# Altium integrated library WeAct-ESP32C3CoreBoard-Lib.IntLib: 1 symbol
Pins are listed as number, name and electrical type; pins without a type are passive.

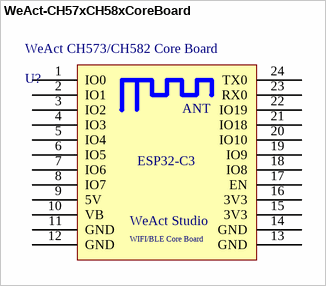
[diagram p0: symbol WeAct-CH57xCH58xCoreBoard]

## WeAct-CH57xCH58xCoreBoard
designator WeAct CH573/CH582 Core Board, comment U?
ComponentLink1Description: WeAct Studio Taobao; ComponentLink1URL: weactstudio.taobao.com; ComponentLink2Description: WeAct Studio Aliexpress; ComponentLink2URL: weactstudio.aliexpress.com; ComponentLink3Description: WeAct Studio Github; ComponentLink3URL: github.com/WeActTC; ComponentLink4Description: WeAct Studio Gitee; ComponentLink4URL: gitee.com/WeAct-TC
footprint WeAct-ESP32C3CoreBoard
pins: 1 IO0, 2 IO1, 3 IO2, 4 IO3, 5 IO4, 6 IO5, 7 IO6, 8 IO7, 9 5V, 10 VB, 11 GND, 12 GND, 13 GND, 14 GND, 15 3V3, 16 3V3, 17 EN, 18 IO8, 19 IO9, 20 IO10, 21 IO18, 22 IO19, 23 RX0, 24 TX0
text: ANT; ESP32-C3; WeAct Studio; WIFI/BLE Core Board

=== EXERCISE DESCRIPTION ===
Take each line above that holds the string "Studio" and copy it.

=== EXPECTED OUTPUT ===
ComponentLink1Description: WeAct Studio Taobao; ComponentLink1URL: weactstudio.taobao.com; ComponentLink2Description: WeAct Studio Aliexpress; ComponentLink2URL: weactstudio.aliexpress.com; ComponentLink3Description: WeAct Studio Github; ComponentLink3URL: github.com/WeActTC; ComponentLink4Description: WeAct Studio Gitee; ComponentLink4URL: gitee.com/WeAct-TC
text: ANT; ESP32-C3; WeAct Studio; WIFI/BLE Core Board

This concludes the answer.